Here’s an example of an event we sent to Honeycomb to track the queries coming from our sync engine. Note the ‘query_location’ attribute which proved essential in pointing us towards the cause of the problem.
'comments': ' nylas/services/sync/events/google_poll_event_sync.py:45 nylas/services/sync/sync/base_sync.py:147 nylas/common/retry.py:77 nylas/services/sync/util/retry.py:157 nylas/services/sync/sync/base_sync.py:128 /Users/jonny/cloud-core/.venv/lib/python2.7/site-packages/gevent/greenlet.py:536 ',
'params': "(datetime.datetime(2020, 3, 17, 17, 56, 11, 138986), 'REDACTED', 562949953421313, 'REDACTED', 562949953421338, 'REDACTED', 'REDACTED')",
'query': 'INSERT INTO transaction (created_at, public_id, namespace_id, object_type, record_id, object_public_id, command) VALUES (%s, %s, %s, %s, %s, %s, %s)',
'query_location': 'nylas/services/sync/contacts/remote_sync.py:219 nylas/services/sync/contacts/remote_sync.py:282 nylas/services/sync/sync/base_sync.py:147 nylas/common/retry.py:77 nylas/services/sync/util/retry.py:157 nylas/services/sync/sync/base_sync.py:128',
This is what the results of the slow query log looked like:
This visualization helped us see a few things right off the bat. One look at the ‘rows_examined’ field’s ratio to ‘count’ revealed the extraordinarily high number of rows being examined for each query. This helped point us towards the root of the problem.
The Problem: Inefficient MySQL Queries
Taking a look at the ‘rows_examined’ field, we saw that over 180 billion rows were scanned over a two-hour span. Why were so many rows being read? The answer was that these queries were coming from our GoogleHistoricalMailSyncer.
As the name indicates, the GoogleHistoricalMailSyncer is responsible for fetching all the historical mail for a Gmail account once it has authenticated.
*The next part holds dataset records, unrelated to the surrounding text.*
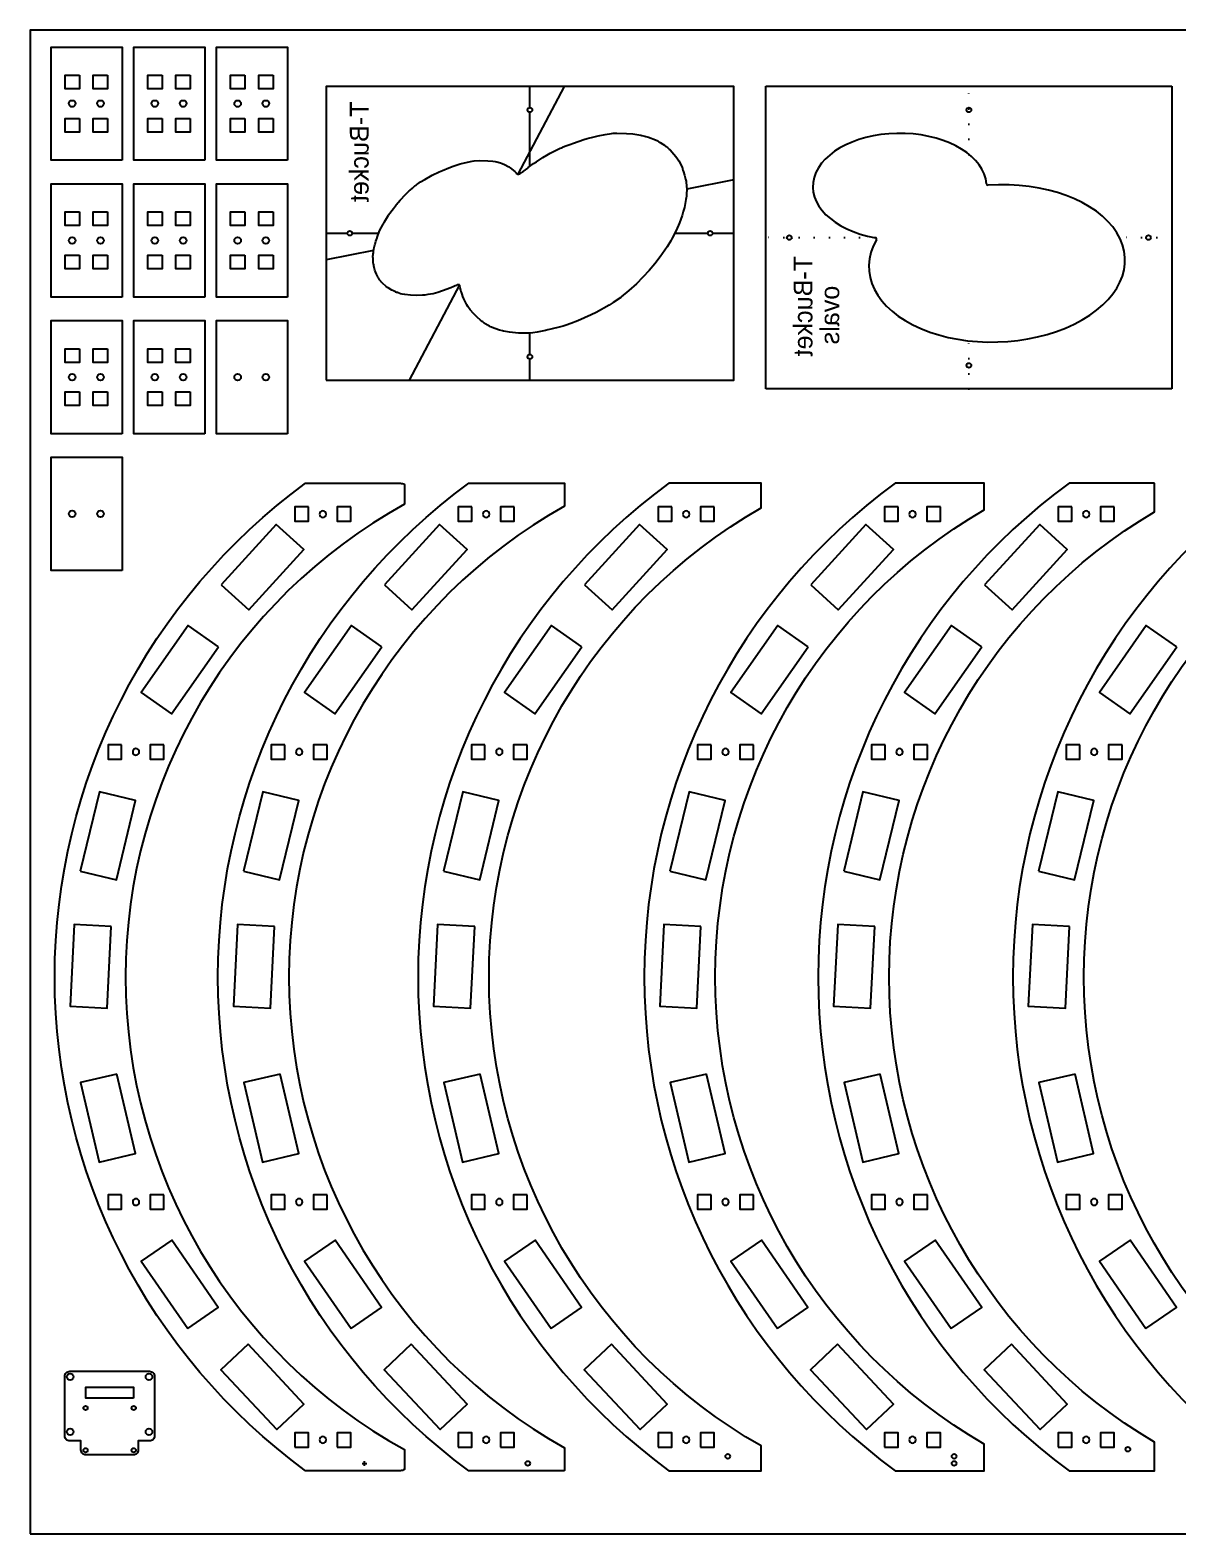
# Model space of a CAD drawing. Header units: millimetres. Extents: x -1807 to -587, y -1074 to -434.
# Drawn here: x -1807 to -1319, y -1074 to -434 of the extents above; entities that cross this region are included whole.
import ezdxf
from ezdxf.enums import TextEntityAlignment as Align

# ---------------------------------------------------------------- set-up
doc = ezdxf.new("R2010")
doc.units = ezdxf.units.MM
doc.linetypes.add('DOTTED', pattern=[6.35, 0, -6.35])
doc.layers.get('0').update_dxf_attribs({"color": 5})
doc.layers.add('Holes', color=1, linetype='Continuous')
doc.layers.add('text', color=250, linetype='Continuous')
doc.layers.add('Lines', color=7, linetype='DOTTED', true_color=0x000000)
doc.layers.add('Notes', color=73, linetype='Continuous', plot=False)
doc.styles.get("Standard").update_dxf_attribs({"font": 'FreeSans.ttf'})

# ---------------------------------------------------------------- blocks, each defined once
blk = doc.blocks.new('SD Support')
blk.add_lwpolyline([(27.1, 31.2), (27.4, 31.2, -0.414214), (29.5, 29.1), (29.5, -4.9, -0.414214), (27.4, -7), (27.1, -7), (24.4, -7), (2, -7, -0.414214), (-0.1, -4.9), (-0.1, -0.1), (-4, -0.1, -0.414214), (-6.1, 2), (-6.1, 22.2, -0.414214), (-4, 24.3), (-0.1, 24.3), (-0.1, 29.1, -0.414214), (2, 31.2), (24.4, 31.2)], format="xyb", close=True)
at = {"layer": 'Holes'}
blk.add_lwpolyline([(18, 1.95), (18, 22.25), (22.8, 22.25), (22.8, 1.95)], close=True, dxfattribs=at)
for centre, radius in [((3.75, 28.85), 1.4), ((27.15, 28.85), 1.4), ((-4.1, 22.35), 0.9), ((13.9, 22.35), 0.9), ((-4.1, 1.85), 0.9), ((13.9, 1.85), 0.9), ((3.75, -4.65), 1.4), ((27.15, -4.65), 1.4)]:
    blk.add_circle(centre, radius, dxfattribs=at)
blk = doc.blocks.new('6.3 x 6.0 rectangle')
at = {"layer": 'Holes'}
blk.add_lwpolyline([(0.1, -5.9), (0.1, -0.1), (6.2, -0.1), (6.2, -5.9)], close=True, dxfattribs=at)
blk = doc.blocks.new('Square hole unit')
for points in [[(-3.05, 6.1), (-3.05, 11.9), (3.05, 11.9), (3.05, 6.1)], [(-3.05, -11.9), (-3.05, -6.1), (3.05, -6.1), (3.05, -11.9)]]:
    blk.add_lwpolyline(points, close=True)
blk.add_circle((0, 0), 1.4)
blk = doc.blocks.new('ovals-plate')
at = {"linetype": 'ByBlock'}
for p, q in [((0, 0), (128.75, 0)), ((0, -172.83), (0, 0)), ((128.75, 0), (128.75, -172.83)), ((128.75, -172.83), (0, -172.83))]:
    blk.add_line(p, q, dxfattribs=at)
at = {"layer": 'Holes', "linetype": 'ByBlock'}
for centre, start, end in [((63.7, -46.5), 239.98142, 349.85223), ((87.29, -94.54), 94.74713, 183.9086)]:
    blk.add_arc(centre, 0.64, start, end, dxfattribs=at)
for centre, major_axis, ratio, start_param, end_param in [((86.09, -56.98), (0, -36.98), 0.612882, 0.050852, 4.428249), ((53.39, -98.34), (2.27, -54.49), 0.612834, -3.512554, 1.614171)]:
    blk.add_ellipse(centre, major_axis=major_axis, ratio=ratio, start_param=start_param, end_param=end_param, dxfattribs=at)
at = {"layer": 'Lines'}
for p, q in [((64.37, -46.38), (64.37, 0)), ((0, -86.41), (20.45, -86.41)), ((99.8, -86.41), (128.75, -86.41)), ((64.37, -172.83), (64.37, -150.54))]:
    blk.add_line(p, q, dxfattribs=at)
at = {"layer": 'Lines', "ltscale": 0.5, "text_generation_flag": 2}
blk.add_text('ovals', height=8, dxfattribs=at).set_placement((31.41, -27.22), align=Align.MIDDLE_CENTER)
at = {"layer": 'text', "linetype": 'ByBlock', "text_generation_flag": 2}
blk.add_text('T-Bucket', height=8, rotation=360, dxfattribs=at).set_placement((35.17, -15.83), align=Align.MIDDLE_CENTER)

msp = doc.modelspace()

# ---------------------------------------------------------------- linework, layer by layer
for points in [[(-1768.05, -489.08), (-1798.25, -489.08), (-1798.25, -440.88), (-1768.05, -440.88)], [(-1732.85, -489.08), (-1763.05, -489.08), (-1763.05, -440.88), (-1732.85, -440.88)], [(-1697.65, -489.08), (-1727.85, -489.08), (-1727.85, -440.88), (-1697.65, -440.88)], [(-1768.05, -547.28), (-1798.25, -547.28), (-1798.25, -499.08), (-1768.05, -499.08)], [(-1732.85, -547.28), (-1763.05, -547.28), (-1763.05, -499.08), (-1732.85, -499.08)], [(-1697.65, -547.28), (-1727.85, -547.28), (-1727.85, -499.08), (-1697.65, -499.08)], [(-1768.05, -605.48), (-1798.25, -605.48), (-1798.25, -557.28), (-1768.05, -557.28)], [(-1732.85, -605.48), (-1763.05, -605.48), (-1763.05, -557.28), (-1732.85, -557.28)], [(-1697.65, -605.48), (-1727.85, -605.48), (-1727.85, -557.28), (-1697.65, -557.28)], [(-1768.05, -663.68), (-1798.25, -663.68), (-1798.25, -615.48), (-1768.05, -615.48)]]:
    msp.add_lwpolyline(points, close=True)
at = {"linetype": 'ByBlock'}
msp.add_lwpolyline([(-1681.23, -582.71), (-1507.81, -582.71), (-1507.81, -457.62), (-1681.23, -457.62)], close=True, dxfattribs=at)
for points in [[(-1647.96, -635.49, 0.589577), (-1647.96, -1037.81), (-1647.96, -1046.24, -0.146234), (-1649.66, -1046.75), (-1689.99, -1046.75, -0.508188), (-1689.99, -626.55), (-1649.66, -626.55, -0.146234), (-1647.96, -627.06)], [(-1579.88, -636.27, 0.584891), (-1579.88, -1037.03), (-1579.88, -1046.74, -0.024398), (-1580.18, -1046.75), (-1620.51, -1046.75, -0.508188), (-1620.51, -626.55), (-1580.18, -626.55, -0.024398), (-1579.88, -626.56)], [(-1535.37, -1046.75), (-1496.14, -1046.75), (-1496.14, -1036.24, -0.580206), (-1496.14, -637.06), (-1496.14, -626.55), (-1535.37, -626.55, 0.508188)], [(-1439.09, -1046.75), (-1401.25, -1046.75), (-1401.25, -1035.43, -0.575522), (-1401.25, -637.87), (-1401.25, -626.55), (-1439.09, -626.55, 0.508188)], [(-1328.69, -626.55), (-1365.12, -626.55, 0.508188), (-1365.12, -1046.75), (-1328.69, -1046.75), (-1328.69, -1034.61, -0.570837), (-1328.69, -638.69)], [(-1247.18, -1033.78, -0.566152), (-1247.18, -639.52), (-1247.18, -626.55), (-1282.22, -626.55, 0.508188), (-1282.22, -1046.75), (-1247.18, -1046.75)]]:
    msp.add_lwpolyline(points, format="xyb", close=True)
at = {"layer": 'Holes'}
for points in [[(-1527.83, -503.19), (-1527.83, -503.19), (-1527.91, -504.42), (-1527.94, -504.6), (-1527.95, -504.64), (-1527.96, -504.67), (-1527.98, -504.72), (-1528.04, -505.01), (-1528.18, -505.79), (-1528.8, -509.11), (-1529.29, -510.93), (-1529.78, -512.53), (-1530.89, -515.66), (-1532.31, -518.94), (-1534, -522.28), (-1534.62, -523.4), (-1536.17, -525.91), (-1539.07, -530.24), (-1541.36, -533.21), (-1543.75, -535.99), (-1549.24, -541.63), (-1552.38, -544.56), (-1555.66, -547.26), (-1555.89, -547.43), (-1559.05, -549.59), (-1559.99, -550.19), (-1560.85, -550.7), (-1566.37, -553.86), (-1568.47, -554.91), (-1574.17, -557.47), (-1577.18, -558.6), (-1579.11, -559.22), (-1580.42, -559.62), (-1581.57, -559.93), (-1585.6, -560.95), (-1586.89, -561.26), (-1587.91, -561.52), (-1591.41, -562.2), (-1593.3, -562.46), (-1594.31, -562.6), (-1594.56, -562.65), (-1594.76, -562.68), (-1595.06, -562.7), (-1596.42, -562.72), (-1599.45, -562.6), (-1603.17, -562.21), (-1605.76, -561.8), (-1606.25, -561.69), (-1607.45, -561.37), (-1609.47, -560.69), (-1611.24, -559.96), (-1611.67, -559.74), (-1611.99, -559.55), (-1612.18, -559.43), (-1612.29, -559.37), (-1612.31, -559.36), (-1612.32, -559.36), (-1612.33, -559.35), (-1612.36, -559.35), (-1612.4, -559.33), (-1612.5, -559.28), (-1612.87, -559.05), (-1612.96, -559), (-1613.29, -558.79), (-1613.47, -558.69), (-1613.54, -558.67), (-1613.55, -558.66), (-1613.58, -558.66), (-1613.62, -558.64), (-1613.65, -558.62), (-1613.69, -558.6), (-1613.77, -558.54), (-1613.86, -558.46), (-1613.95, -558.38), (-1613.99, -558.33), (-1614.14, -558.21), (-1614.55, -557.89), (-1614.91, -557.63), (-1615.58, -557.14), (-1617.04, -555.86), (-1618.54, -554.33), (-1619.91, -552.73), (-1620.98, -551.26), (-1621.36, -550.62), (-1621.99, -549.41), (-1622.68, -548.01), (-1623.08, -547.02), (-1623.4, -546.03), (-1623.68, -545.15), (-1623.75, -544.98), (-1623.77, -544.93), (-1623.79, -544.9), (-1623.81, -544.87), (-1623.83, -544.83), (-1623.85, -544.78), (-1623.89, -544.67), (-1623.92, -544.55), (-1623.96, -544.41), (-1623.97, -544.34), (-1624.15, -543.37), (-1624.32, -542.72), (-1624.37, -542.57), (-1624.49, -542.24), (-1624.52, -542.18), (-1624.54, -542.15), (-1624.57, -542.12), (-1624.61, -542.11), (-1624.66, -542.09), (-1624.74, -542.07), (-1624.83, -542.06), (-1625, -542.04), (-1625.07, -542.04), (-1625.15, -542.05), (-1625.22, -542.06), (-1625.31, -542.09), (-1625.41, -542.13), (-1625.66, -542.25), (-1625.83, -542.33), (-1626.34, -542.57), (-1626.56, -542.66), (-1626.61, -542.67), (-1626.64, -542.68), (-1626.67, -542.68), (-1626.84, -542.75), (-1628.24, -543.32), (-1631.67, -544.7), (-1633.72, -545.36), (-1635.77, -545.86), (-1637.97, -546.26), (-1639.18, -546.43), (-1640.24, -546.53), (-1642.72, -546.6), (-1645.36, -546.49), (-1647.8, -546.24), (-1648.83, -546.07), (-1649.66, -545.87), (-1650.26, -545.65), (-1650.41, -545.58), (-1650.65, -545.49), (-1650.89, -545.42), (-1651.03, -545.39), (-1651.16, -545.36), (-1651.3, -545.32), (-1651.44, -545.27), (-1651.56, -545.22), (-1651.61, -545.19), (-1651.66, -545.16), (-1651.7, -545.14), (-1651.8, -545.07), (-1652.01, -544.97), (-1652.33, -544.83), (-1652.61, -544.7), (-1653.24, -544.37), (-1654.88, -543.4), (-1655.1, -543.25), (-1655.73, -542.74), (-1657.24, -541.38), (-1657.82, -540.79), (-1658.01, -540.58), (-1658.48, -539.95), (-1659.03, -539.12), (-1659.19, -538.85), (-1659.21, -538.78), (-1659.22, -538.75), (-1659.27, -538.62), (-1659.8, -537.5), (-1660.25, -536.49), (-1660.47, -535.87), (-1660.65, -535.22), (-1660.89, -534.03), (-1661, -533.53), (-1661.11, -533.11), (-1661.16, -532.98), (-1661.18, -532.92), (-1661.2, -532.84), (-1661.22, -532.77), (-1661.24, -532.7), (-1661.25, -532.62), (-1661.25, -532.54), (-1661.25, -532.37), (-1661.24, -532.2), (-1661.23, -532.12), (-1661.22, -531.91), (-1661.24, -531.31), (-1661.28, -530.82), (-1661.34, -530.12), (-1661.34, -529.88), (-1661.34, -529.78), (-1661.32, -529.69), (-1661.31, -529.61), (-1661.28, -529.54), (-1661.27, -529.49), (-1661.25, -529.43), (-1661.22, -529.25), (-1661.18, -528.89), (-1661.15, -528.49), (-1661.11, -527.97), (-1660.98, -527.11), (-1660.79, -526.24), (-1660.63, -525.7), (-1660.46, -525.08), (-1660.39, -524.8), (-1660.07, -523.57), (-1659.8, -522.73), (-1659.72, -522.51), (-1659.39, -521.56), (-1659.38, -521.51), (-1659.24, -521.06), (-1658.66, -519.49), (-1658.36, -518.79), (-1657.17, -516.56), (-1657.03, -516.33), (-1656.91, -516.14), (-1656.41, -515.3), (-1654.72, -512.42), (-1654.66, -512.33), (-1652.62, -509.62), (-1651.75, -508.47), (-1651.45, -508.06), (-1651.15, -507.71), (-1650.86, -507.38), (-1650.59, -507.04), (-1649.81, -506.08), (-1647.5, -503.61), (-1645.89, -502.07), (-1645.51, -501.76), (-1644.52, -500.95), (-1643.47, -500.01), (-1643.32, -499.88), (-1643.19, -499.78), (-1643.12, -499.73), (-1643.09, -499.71), (-1643.06, -499.71), (-1643.06, -499.71), (-1643.04, -499.7), (-1643.02, -499.69), (-1642.94, -499.63), (-1642.73, -499.47), (-1642.67, -499.42), (-1642.29, -499.13), (-1641.04, -498.3), (-1639.25, -497.2), (-1636.11, -495.45), (-1633.14, -494.01), (-1631.8, -493.45), (-1629.08, -492.34), (-1627.24, -491.61), (-1624.17, -490.62), (-1621.06, -489.82), (-1619.16, -489.46), (-1618.24, -489.34), (-1616.05, -489.21), (-1612.44, -489.25), (-1610.28, -489.41), (-1609.39, -489.54), (-1608.68, -489.69), (-1607.01, -490.19), (-1606.38, -490.42), (-1605.41, -490.86), (-1605.02, -491.05), (-1603.76, -491.71), (-1603.43, -491.91), (-1602.96, -492.25), (-1600.93, -493.92), (-1600.39, -494.39), (-1600.03, -494.79), (-1599.93, -494.89), (-1599.84, -494.96), (-1599.75, -495), (-1599.65, -495.03), (-1599.55, -495.03), (-1599.43, -495.02), (-1599.29, -494.97), (-1599.12, -494.91), (-1598.94, -494.81), (-1598.72, -494.69), (-1598.16, -494.35), (-1597.99, -494.22), (-1597.95, -494.2), (-1597.87, -494.14), (-1597.63, -493.97), (-1597.34, -493.8), (-1597.01, -493.6), (-1596.42, -493.17), (-1595.48, -492.42), (-1595.23, -492.21), (-1594.15, -491.33), (-1592.98, -490.5), (-1591.78, -489.69), (-1588.97, -487.88), (-1587.31, -486.86), (-1585.91, -486.07), (-1583.63, -484.9), (-1581.6, -483.94), (-1581.07, -483.73), (-1580.85, -483.65), (-1580.73, -483.6), (-1580.67, -483.57), (-1580.66, -483.56), (-1580.62, -483.54), (-1580.35, -483.42), (-1579.3, -483), (-1577.53, -482.3), (-1576.02, -481.75), (-1571.56, -480.28), (-1570.22, -479.88), (-1567.26, -479.1), (-1565.46, -478.68), (-1562.46, -478.06), (-1559.76, -477.66), (-1559.15, -477.6), (-1557.48, -477.53), (-1553.37, -477.62), (-1550.74, -477.85), (-1547.37, -478.42), (-1546.84, -478.53), (-1545.67, -478.79), (-1545.25, -478.9), (-1544.03, -479.29), (-1541.16, -480.39), (-1540.15, -480.85), (-1539.89, -481.01), (-1539.86, -481.03), (-1539.61, -481.19), (-1539.12, -481.49), (-1537.92, -482.25), (-1537.33, -482.66), (-1537.05, -482.89), (-1536.92, -483), (-1536.84, -483.06), (-1536.77, -483.1), (-1536.75, -483.11), (-1536.74, -483.11), (-1536.72, -483.12), (-1536.69, -483.13), (-1536.64, -483.16), (-1536.59, -483.19), (-1536.38, -483.36), (-1536.02, -483.68), (-1535.39, -484.24), (-1535.24, -484.36), (-1535.04, -484.53), (-1534.77, -484.78), (-1534.1, -485.52), (-1532.5, -487.49), (-1531.76, -488.5), (-1531.22, -489.34), (-1530.37, -490.86), (-1529.73, -492.16), (-1529.61, -492.45), (-1529.57, -492.64), (-1529.56, -492.68), (-1529.55, -492.74), (-1529.4, -493.26), (-1529.15, -494.01), (-1528.72, -495.36), (-1528.26, -497.16), (-1528.18, -497.54), (-1528.11, -498.01), (-1527.85, -500.32), (-1527.81, -500.97), (-1527.8, -501.66)], [(-1725.89, -669.81), (-1714.21, -680.44), (-1690.78, -654.71), (-1702.47, -644.07)], [(-1656.41, -669.81), (-1644.73, -680.44), (-1621.3, -654.71), (-1632.99, -644.07)], [(-1571.27, -669.81), (-1559.59, -680.44), (-1536.16, -654.71), (-1547.85, -644.07)], [(-1474.99, -669.81), (-1463.3, -680.44), (-1439.88, -654.71), (-1451.56, -644.07)], [(-1401.02, -669.81), (-1389.34, -680.44), (-1365.91, -654.71), (-1377.59, -644.07)], [(-1727.07, -696.13), (-1740, -687.07), (-1759.98, -715.56), (-1747.04, -724.63)], [(-1657.59, -696.13), (-1670.52, -687.07), (-1690.5, -715.56), (-1677.56, -724.63)], [(-1572.45, -696.13), (-1585.38, -687.07), (-1605.36, -715.56), (-1592.42, -724.63)], [(-1476.16, -696.13), (-1489.1, -687.07), (-1509.07, -715.56), (-1496.14, -724.63)], [(-1402.19, -696.13), (-1415.13, -687.07), (-1435.11, -715.56), (-1422.17, -724.63)], [(-1319.29, -696.13), (-1332.23, -687.07), (-1352.21, -715.56), (-1339.27, -724.63)], [(-1785.88, -791.65), (-1770.52, -795.37), (-1762.33, -761.55), (-1777.68, -757.83)], [(-1716.39, -791.65), (-1701.04, -795.37), (-1692.85, -761.55), (-1708.2, -757.83)], [(-1631.25, -791.65), (-1615.9, -795.37), (-1607.71, -761.55), (-1623.06, -757.83)], [(-1534.97, -791.65), (-1519.61, -795.37), (-1511.42, -761.55), (-1526.78, -757.83)], [(-1461, -791.65), (-1445.65, -795.37), (-1437.45, -761.55), (-1452.81, -757.83)], [(-1378.1, -791.65), (-1362.75, -795.37), (-1354.55, -761.55), (-1369.91, -757.83)], [(-1772.66, -815.18), (-1788.44, -814.38), (-1790.21, -849.13), (-1774.43, -849.93)], [(-1703.18, -815.18), (-1718.96, -814.38), (-1720.73, -849.13), (-1704.95, -849.93)], [(-1618.04, -815.18), (-1633.82, -814.38), (-1635.59, -849.13), (-1619.81, -849.93)], [(-1521.76, -815.18), (-1537.54, -814.38), (-1539.3, -849.13), (-1523.52, -849.93)], [(-1447.79, -815.18), (-1463.57, -814.38), (-1465.34, -849.13), (-1449.56, -849.93)], [(-1364.89, -815.18), (-1380.67, -814.38), (-1382.44, -849.13), (-1366.66, -849.93)], [(-1770.34, -877.95), (-1785.72, -881.55), (-1777.8, -915.44), (-1762.41, -911.84)], [(-1700.86, -877.95), (-1716.24, -881.55), (-1708.32, -915.44), (-1692.93, -911.84)], [(-1615.71, -877.95), (-1631.1, -881.55), (-1623.18, -915.44), (-1607.79, -911.84)], [(-1519.43, -877.95), (-1534.81, -881.55), (-1526.89, -915.44), (-1511.51, -911.84)], [(-1445.46, -877.95), (-1460.85, -881.55), (-1452.92, -915.44), (-1437.54, -911.84)], [(-1362.56, -877.95), (-1377.95, -881.55), (-1370.02, -915.44), (-1354.64, -911.84)], [(-1740.14, -986.27), (-1727.15, -977.28), (-1746.95, -948.66), (-1759.94, -957.65)], [(-1670.66, -986.27), (-1657.67, -977.28), (-1677.47, -948.66), (-1690.46, -957.65)], [(-1585.52, -986.27), (-1572.53, -977.28), (-1592.33, -948.66), (-1605.32, -957.65)], [(-1489.24, -986.27), (-1476.24, -977.28), (-1496.04, -948.66), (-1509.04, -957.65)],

Practically speaking, a lot of our customers are mostly interested in recent emails for an account, but because this syncer was running on every restart, all the historical messages for an account were being refreshed as well. Carrying out this query entailed reading four columns: id, is_draft, namespace_id and g_msgid; and because there was no covering index, the query was obliged to read the whole row. This meant that even if the query simply needed to read 25 bytes (the total length of the four columns), the query actually read the entire row (which has an average length of 9KB). This, in turn, meant that 99.7% of the reads resulting from this query were wasted.
The Solution: Implementing a SyncProgress Tracker
Some of the solutions we brainstormed involved reordering the logic and creating a monotonic ID for messages, but as is so often the case, the simplest solution was the most effective. We pivoted to tracking whether GoogleHistoricalMailSyncer had finished during an account’s lifetime using a SyncProgress tracker. This was done by noting the sync status for SyncProgress and checking if it was completed; if it was not completed, sync would continue, but if it had completed, logic was built in to avoid syncing it again. Then, in order to check the progress on implementing this solution, logs for sync starting, sync ending, and the slow query dataset were monitored in order to make sure it wasn’t spiking.
We saw that queries distribution had quick-resolving spikes:
The Final Result: We Reduced Our Query Volume by 50%
Although the main problem & solution seem very straightforward, it actually took weeks of identifying then fixing dozens of queries that appeared to be problematic before finally honing in on the culprit. We had to analyze the data in a lot of different ways before knowing exactly which columns and ratios of different data points related to load on the database.
Being able to quickly run aggregates on different fields with different time frames in Honeycomb, then sharing links to pre-configured queries with other team members was crucial to solving this problem.
When we finally tied a bow on this issue, we were able to cut our query volume by almost 50% and reduced the load on our databases by even more.